That disease has a great name. It's an awesome name.
You'll love to say this. Paroxysmal nocturnal hemoglobinuria or PNH.
It's called that because hemoglobinuria, what we're gonna end up doing is rupturing red cells.
And the hemoglobin that comes out of those ruptured red cells are gonna show up in the urine.
It turns out, in about 10% of patients, it happens mostly at night.
The reasons are not important.
So, we still call it nocturnal hemoglobinuria, and it only happens every now
and then, hence the name paroxysmal nocturnal hemoglobinuria.
Anyway, I just like saying it.
This is a disease that is a real disease,
real people get this that is related to loss of that GPI linkage.
So, on the X chromosome, there is an enzyme.
There is a gene that's called PIG-A.
And PIG-A makes the protein that's gonna be responsible for doing the enzymatic linkage
that makes that GPI linkage. If we lose that, if the enzyme becomes defective,
and it's an acquired mutation, you're not born this way,
at least not that we know of, but you acquire this as a mutation over time,
you lose the ability to make the GPI linkage.
Well, it turns out, there's some very important proteins
that are linked to cell membranes through GPI.
A couple of those are the decay-accelerating factor or DAF and CD55.
Those two molecules are important in inhibiting complement.
So, complement, as we'll talk about when we talk about inflammation,
and we talk about immune-mediated injury,
complement is a series of proteins synthesized
by the liver that punch holes in bacteria and fungus.
That's their job. But they're pretty non-discriminant,
and they will punch holes if activated appropriately in every other cell in the body.
So, every other cell in us makes these inhibitory proteins, DAF and CD55.
And that prevents unwanted complement from punching holes in you.
So, normally, because of the GPI-linked proteins, DAF and CD55, no problem.
If you have this disease with mutation in your PIG-A, now you can't inhibit complement.
And that complement is floating around,
getting activated periodically in the bloodstream,
and it will sit down now on a red cell, who can't defend itself.
That red cell then will have a bunch of holes punched in it, and out will ooze hemoglobin.
And so, now, we're gonna get hemoglobinuria.
It's actually causing -- rupture these red cells all over the place,
so the patients functioning end up with a severe anemia.
They will require transfusions.
They clearly get fatigued because there's not enough oxygen carrying capacity.
They are dyspneic, they are short of breath.
And in patients who have ongoing coronary artery disease, they may get angina.
So, this is not a trivial disease.
And it's a real consequence of understanding kind of the cell biology
in the way these proteins are linked.
It's also not just punching holes in red cells.

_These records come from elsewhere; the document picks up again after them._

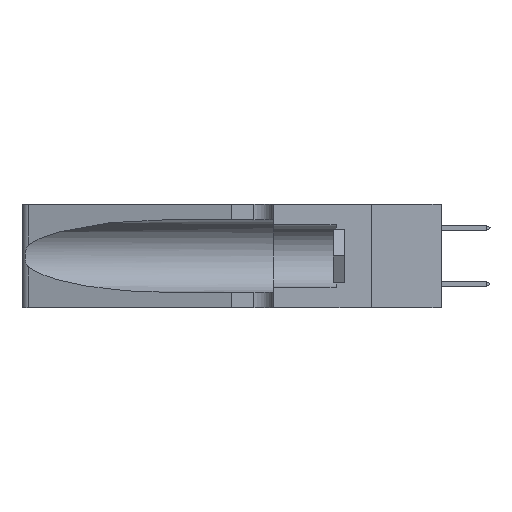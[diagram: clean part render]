
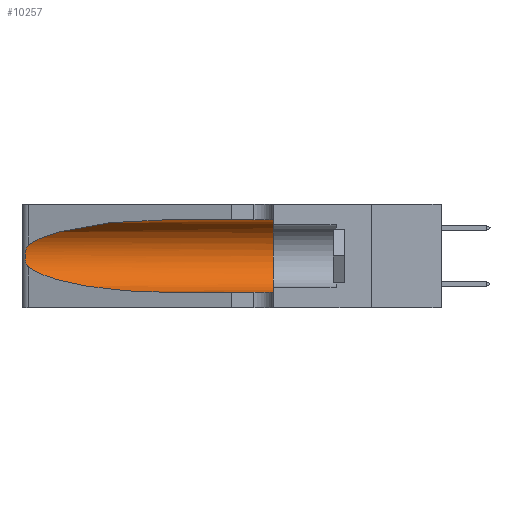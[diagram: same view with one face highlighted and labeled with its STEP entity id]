
A CAD part, left-side view. The second image highlights one B-rep face of the part: STEP entity #10257.
In plain terms, the highlighted cylindrical face has radius 3.308 mm (diameter 6.617 mm), a partial arc.
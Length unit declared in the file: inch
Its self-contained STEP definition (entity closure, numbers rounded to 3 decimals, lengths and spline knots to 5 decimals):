
#2162 = CARTESIAN_POINT ( 'NONE',  ( 0.26017, 1.23833, 0.17102 ) ) ;
#2280 = CARTESIAN_POINT ( 'NONE',  ( 0.1305, 0.35, 0.05475 ) ) ;
#3507 = LINE ( 'NONE', #25300, #35905 ) ;
#5125 = CARTESIAN_POINT ( 'NONE',  ( 0.18966, 0.96281, 0.31525 ) ) ;
#5624 = DIRECTION ( 'NONE',  ( 0., 0., -1. ) ) ;
#5776 = CARTESIAN_POINT ( 'NONE',  ( 0.25854, 1.2359, 0.20912 ) ) ;
#6515 = CARTESIAN_POINT ( 'NONE',  ( 0.25487, 1.22718, 0.22369 ) ) ;
#6733 = VECTOR ( 'NONE', #35050, 39.37008 ) ;
#8291 = EDGE_LOOP ( 'NONE', ( #26151, #24781, #29148, #11818, #13313, #9212 ) ) ;
#9212 = ORIENTED_EDGE ( 'NONE', *, *, #19294, .F. ) ;
#10257 = ADVANCED_FACE ( 'NONE', ( #16888 ), #13347, .F. ) ;
#11425 = DIRECTION ( 'NONE',  ( 0., 1., 0. ) ) ;
#11506 = CARTESIAN_POINT ( 'NONE',  ( 0.1305, 1.61858, 0.05475 ) ) ;
#11818 = ORIENTED_EDGE ( 'NONE', *, *, #29324, .T. ) ;
#12187 = CARTESIAN_POINT ( 'NONE',  ( 0.25856, 1.23593, 0.16098 ) ) ;
#13313 = ORIENTED_EDGE ( 'NONE', *, *, #28425, .F. ) ;
#13347 = CYLINDRICAL_SURFACE ( 'NONE', #28140, 0.13025 ) ;
#13468 = CIRCLE ( 'NONE', #17211, 0.13025 ) ;
#15374 = CARTESIAN_POINT ( 'NONE',  ( 0.26075, 1.23896, 0.19203 ) ) ;
#15641 = CARTESIAN_POINT ( 'NONE',  ( 0.25639, 1.23186, 0.15144 ) ) ;
#16888 = FACE_OUTER_BOUND ( 'NONE', #8291, .T. ) ;
#17085 =( BOUNDED_CURVE ( )  B_SPLINE_CURVE ( 3, ( #24945, #31386, #25229, #28526 ),
 .UNSPECIFIED., .F., .T. ) 
 B_SPLINE_CURVE_WITH_KNOTS ( ( 4, 4 ),
 ( 3.44316, 4.71239 ),
 .UNSPECIFIED. ) 
 CURVE ( )  GEOMETRIC_REPRESENTATION_ITEM ( )  RATIONAL_B_SPLINE_CURVE ( ( 1., 0.87, 0.87, 1. ) ) 
 REPRESENTATION_ITEM ( '' )  );
#17211 = AXIS2_PLACEMENT_3D ( 'NONE', #27783, #11425, #31227 ) ;
#17415 = VERTEX_POINT ( 'NONE', #2280 ) ;
#18069 = CARTESIAN_POINT ( 'NONE',  ( 0.25487, 1.22718, 0.22369 ) ) ;
#18513 = CARTESIAN_POINT ( 'NONE',  ( 0.25787, 1.23484, 0.2124 ) ) ;
#19294 = EDGE_CURVE ( 'NONE', #26103, #38209, #3507, .T. ) ;
#19353 = VERTEX_POINT ( 'NONE', #37966 ) ;
#20536 = DIRECTION ( 'NONE',  ( 0., -1., 0. ) ) ;
#21357 = CARTESIAN_POINT ( 'NONE',  ( 0.25555, 1.22994, 0.2215 ) ) ;
#24781 = ORIENTED_EDGE ( 'NONE', *, *, #27890, .T. ) ;
#24800 =( BOUNDED_CURVE ( )  B_SPLINE_CURVE ( 3, ( #28638, #5125, #31492, #37952 ),
 .UNSPECIFIED., .F., .F. ) 
 B_SPLINE_CURVE_WITH_KNOTS ( ( 4, 4 ),
 ( 1.5708, 2.84003 ),
 .UNSPECIFIED. ) 
 CURVE ( )  GEOMETRIC_REPRESENTATION_ITEM ( )  RATIONAL_B_SPLINE_CURVE ( ( 1., 0.87, 0.87, 1. ) ) 
 REPRESENTATION_ITEM ( '' )  );
#24945 = CARTESIAN_POINT ( 'NONE',  ( 0.25487, 1.22718, 0.14631 ) ) ;
#25229 = CARTESIAN_POINT ( 'NONE',  ( 0.18966, 0.96281, 0.05475 ) ) ;
#25300 = CARTESIAN_POINT ( 'NONE',  ( 0.1305, 1.61858, 0.31525 ) ) ;
#26103 = VERTEX_POINT ( 'NONE', #34010 ) ;
#26151 = ORIENTED_EDGE ( 'NONE', *, *, #36319, .T. ) ;
#27783 = CARTESIAN_POINT ( 'NONE',  ( 0.1305, 0.35, 0.185 ) ) ;
#27890 = EDGE_CURVE ( 'NONE', #36351, #36132, #30522, .T. ) ;
#28140 = AXIS2_PLACEMENT_3D ( 'NONE', #31400, #35000, #5624 ) ;
#28425 = EDGE_CURVE ( 'NONE', #38209, #17415, #13468, .T. ) ;
#28473 = CARTESIAN_POINT ( 'NONE',  ( 0.1305, 0.35, 0.31525 ) ) ;
#28503 = CARTESIAN_POINT ( 'NONE',  ( 0.25487, 1.22718, 0.14631 ) ) ;
#28526 = CARTESIAN_POINT ( 'NONE',  ( 0.1305, 0.72297, 0.05475 ) ) ;
#28638 = CARTESIAN_POINT ( 'NONE',  ( 0.1305, 0.72297, 0.31525 ) ) ;
#28696 = CARTESIAN_POINT ( 'NONE',  ( 0.25789, 1.23486, 0.15765 ) ) ;
#29148 = ORIENTED_EDGE ( 'NONE', *, *, #40587, .T. ) ;
#29324 = EDGE_CURVE ( 'NONE', #19353, #17415, #42135, .T. ) ;
#30522 = B_SPLINE_CURVE_WITH_KNOTS ( 'NONE', 3,
 ( #18069, #21357, #37866, #18513, #5776, #41864, #15374, #31843, #2162, #12187, #28696, #15641, #41721, #38569 ),
 .UNSPECIFIED., .F., .F.,
 ( 4, 2, 2, 2, 2, 2, 4 ),
 ( 0., 0.00027, 0.00053, 0.00107, 0.0016, 0.00187, 0.00214 ),
 .UNSPECIFIED. ) ;
#31227 = DIRECTION ( 'NONE',  ( 0., 0., 1. ) ) ;
#31386 = CARTESIAN_POINT ( 'NONE',  ( 0.2373, 1.15595, 0.08982 ) ) ;
#31400 = CARTESIAN_POINT ( 'NONE',  ( 0.1305, 1.61858, 0.185 ) ) ;
#31492 = CARTESIAN_POINT ( 'NONE',  ( 0.2373, 1.15595, 0.28018 ) ) ;
#31843 = CARTESIAN_POINT ( 'NONE',  ( 0.26075, 1.23896, 0.178 ) ) ;
#34010 = CARTESIAN_POINT ( 'NONE',  ( 0.1305, 0.72297, 0.31525 ) ) ;
#35000 = DIRECTION ( 'NONE',  ( 0., -1., 0. ) ) ;
#35050 = DIRECTION ( 'NONE',  ( 0., -1., 0. ) ) ;
#35905 = VECTOR ( 'NONE', #20536, 39.37008 ) ;
#36132 = VERTEX_POINT ( 'NONE', #28503 ) ;
#36319 = EDGE_CURVE ( 'NONE', #26103, #36351, #24800, .T. ) ;
#36351 = VERTEX_POINT ( 'NONE', #6515 ) ;
#37866 = CARTESIAN_POINT ( 'NONE',  ( 0.25639, 1.23184, 0.21858 ) ) ;
#37952 = CARTESIAN_POINT ( 'NONE',  ( 0.25487, 1.22718, 0.22369 ) ) ;
#37966 = CARTESIAN_POINT ( 'NONE',  ( 0.1305, 0.72297, 0.05475 ) ) ;
#38209 = VERTEX_POINT ( 'NONE', #28473 ) ;
#38569 = CARTESIAN_POINT ( 'NONE',  ( 0.25487, 1.22718, 0.14631 ) ) ;
#40587 = EDGE_CURVE ( 'NONE', #36132, #19353, #17085, .T. ) ;
#41721 = CARTESIAN_POINT ( 'NONE',  ( 0.25555, 1.22993, 0.14849 ) ) ;
#41864 = CARTESIAN_POINT ( 'NONE',  ( 0.26018, 1.23835, 0.19895 ) ) ;
#42135 = LINE ( 'NONE', #11506, #6733 ) ;

It's punching holes in white cells. In neutrophils, for example.
And so, patients with this disease will also get recurrent infections
cuz they can't protect themselves, cuz all of their white cells had been punched full of holes.
And that clone. So, it turns out that loss of that particular protein activity gives --
confers to the cell who's lost it, a growth advantage.
And in the bone marrow, those cells tend to expand.
So, there's expansion of a mutant clone lacking the PIG-A and enzymatic activity.
They grow better, and as they're growing better and faster,
they tend to acquire mutation, so there's an increased risk of leukemia.
So, an interesting disease. Fortunately, not that common.
This may be the only time you ever hear about it, but it's related to cell biology, and it's so cool.
And it's the concept that's most important anyway.
The coolness is just kind of the disease.